Рома

Ой, чего-то я не понимаю… Или батя темнит, или просто мухомором прикидывается. Ну прибежали на крик десятка три мужиков, ну с оружием. И что? Вот так просто взял и отдал Гелисворт и меня заставил разоружиться. Был же шанс не отбиться так сбежать — ворота за спиной! А теперь сидим в холодном подвале, связанные, на охапке прелого сена. Если бы не щели в двери, сквозь которые падают лучики света, еще и темно было бы. Артур откинулся к стене и, скрестив ноги по-турецки, похоже, дремал. А вот мне не спалось. В углу зашуршало, но там темно, не разглядишь, что за гости. Шорох раздался ближе, я на всякий случай отодвинулся, толкнув локтем отца.

— Ром, ты чего? — не открывая глаз, спросил он. — Мышей испугался?

— Каких еще мышей?

— Сейчас увидишь.

И впрямь из мрака выкатились два темных комочка с тоненькими хвостиками. Один тут же устремился к двери, смешно запрыгав по ступенькам, а второй уселся напротив меня.

— Знакомься, — наконец открыл глаза отец, — это Ром и Рем. Наши спасители из чиригского заточения. Только я не понял, как они нас отыскали.

— Мы в твоем заплечном мешке сидели, — тоненько пискнул тот, что выглядывал сквозь щелочку в двери. — Захотелось мир посмотреть.

— Ага, — хмыкнул я, — как говорили в американских фильмах вербовщики: «Сынок, пойдешь в армию — увидишь мир».

— Эй, Хайверги! — снова подал голосок Рем. — К вам гости. Старика какого-то ведут.

— Это… мы пошли, — за себя и за Рема пискнул Ром, и оба серых комочка укатились во тьму.
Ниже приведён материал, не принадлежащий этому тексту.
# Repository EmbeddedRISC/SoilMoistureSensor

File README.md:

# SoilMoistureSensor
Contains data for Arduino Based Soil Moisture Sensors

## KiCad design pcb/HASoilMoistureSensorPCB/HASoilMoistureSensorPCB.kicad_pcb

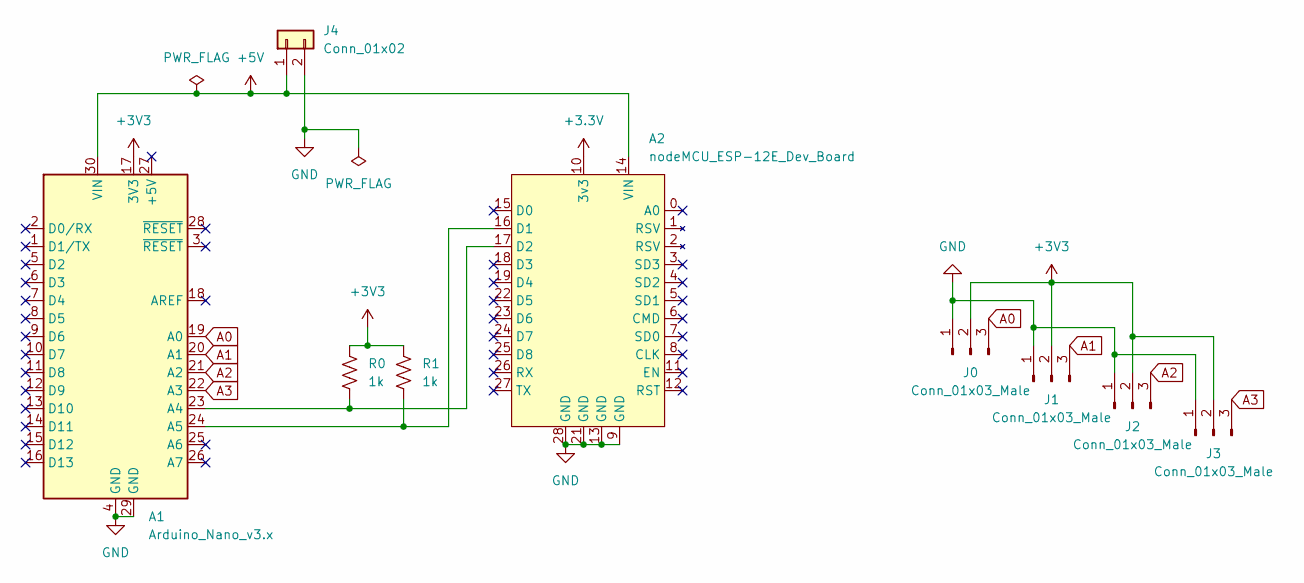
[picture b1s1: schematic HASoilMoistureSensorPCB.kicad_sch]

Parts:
A1: Arduino_Nano_v3.x; Arduino_Nano
A2: nodeMCU_ESP-12E_Dev_Board; nodeMCU_ESP-12e_Through-Hole
J0, J1, J2, J3: Conn_01x03_Male; JST_PH_B3B-PH-K_1x03_P2.00mm_Vertical
J4: Conn_01x02; JST_PH_B2B-PH-K_1x02_P2.00mm_Vertical
R0, R1: 1k; R_Axial_DIN0207_L6.3mm_D2.5mm_P2.54mm_Vertical

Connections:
+3.3V: A2.10 (3v3), A2.20 (3v3), A2.29 (3v3)
+3V3: A1.17 (3V3), J0.2, J1.2, J2.2, J3.2, R0.1, R1.1
+5V: A1.30 (VIN), A2.14 (VIN), J4.1
A0: A1.19 (A0), J0.3
A1: A1.20 (A1), J1.3
A2: A1.21 (A2), J2.3
A3: A1.22 (A3), J3.3
GND: A1.4 (GND), A1.29 (GND), A2.9 (GND), A2.13 (GND), A2.21 (GND), A2.28 (GND), J0.1, J1.1, J2.1, J3.1, J4.2
unnamed: A1.23 (A4), A2.17 (D2), R0.2
unnamed: A1.24 (A5), A2.16 (D1), R1.2

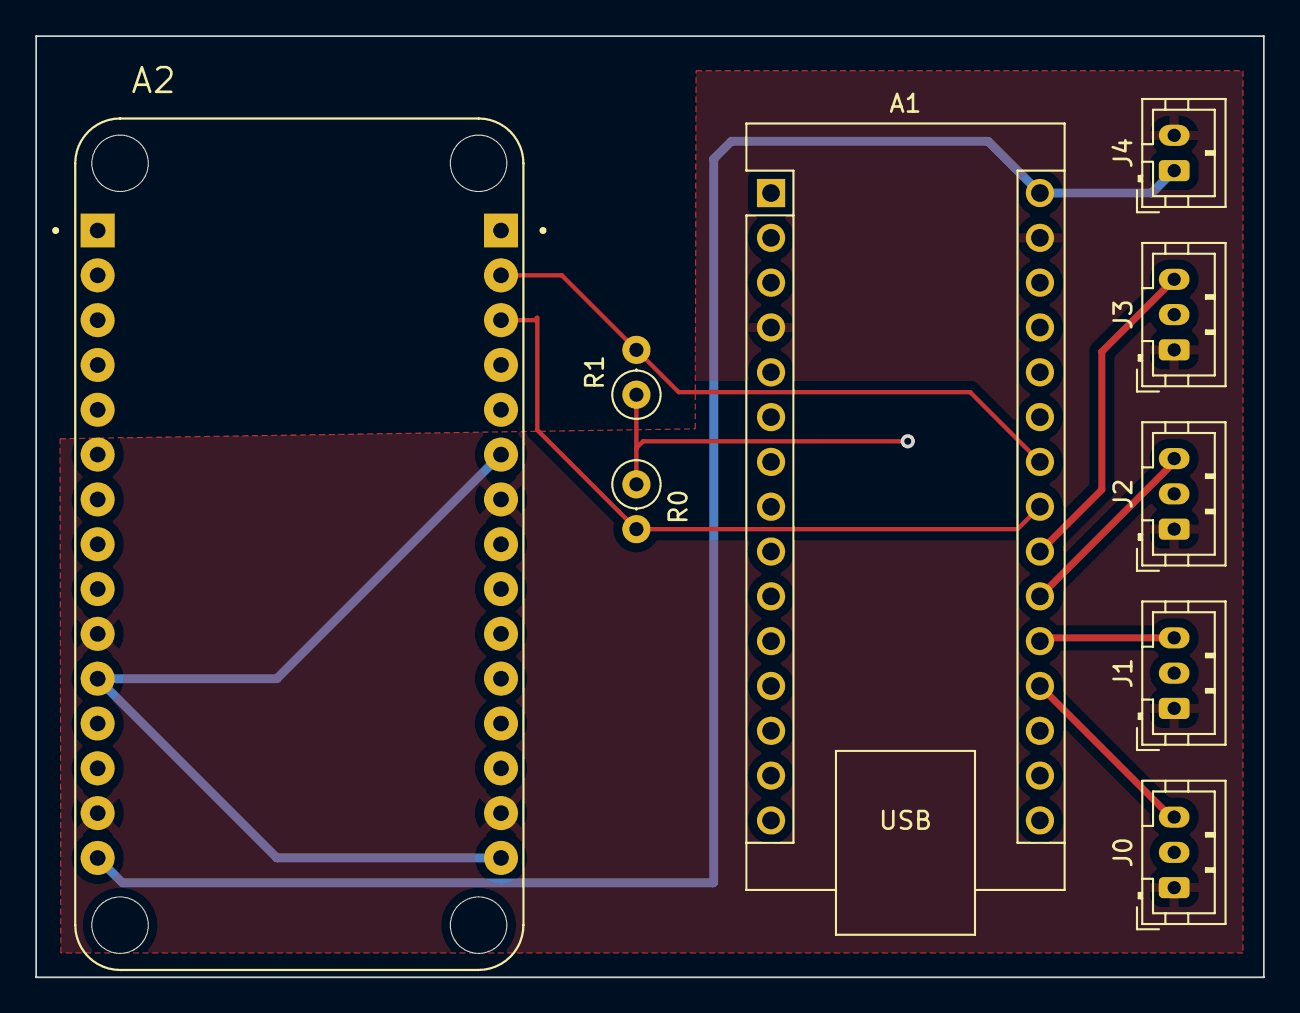
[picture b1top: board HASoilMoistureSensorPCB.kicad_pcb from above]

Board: 2 copper layers, 69.6 x 53.3 mm, 9 parts (0 on the bottom side), 10 nets.

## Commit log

2022-11-22 Working W/ Home-Assistant MQTT
2022-11-23 Working initial build, w/ schematic and initial PCB design
2022-12-16 Fixed default name

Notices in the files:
pcb/HASoilMoistureSensorPCB/HASoilMoistureSensorPCB.kicad_pcb:
Copyright (C) 2022 - Benjamin Davis
Distributed under GNU Piblic License v3
pcb/HASoilMoistureSensorPCB/HASoilMoistureSensorPCB.kicad_sch:
Distributed under GNU General Public License v3

За дверью раздались тяжелые шаги, грюкнул засов, я зажмурился от хлынувшего яркого света. В сопровождении двух хмурых мужиков, похожих друг на друга как братья, в подвал спустился высокий старик в длинной белой рубахе, до середины груди закрытой седой бородищей, на плечах топорщится серым меховая безрукавка. Синие штаны заправлены в мягкие сапожки. Я пригляделся (из-за яркого света глаза заслезились), но нет, не показалось: Ведослав, если это был он, слеп. Потемневшая кожа закрывает пустые глазницы под мохнатыми густыми бровями с торчащими как у филина длинными волосками. Крылья длинного горбатого носа раздулись, старик вдохнул — и я обалдел: грудь местного экстрасенса, несмотря на худобу, раздулась до размеров бочки. Это ж каким богатырем дед в молодости был? Меж тем Ведослав уверенно, будто зрячий, подошел к отцу, протянул руки — запястья широкие, перевитые веревками мышц — положил ладони нам на головы. Я чуть не охнул вслух, словно рельсом придавило. Артур дернулся было, но сопровождающие деда стражи тут же наставили на нас пики.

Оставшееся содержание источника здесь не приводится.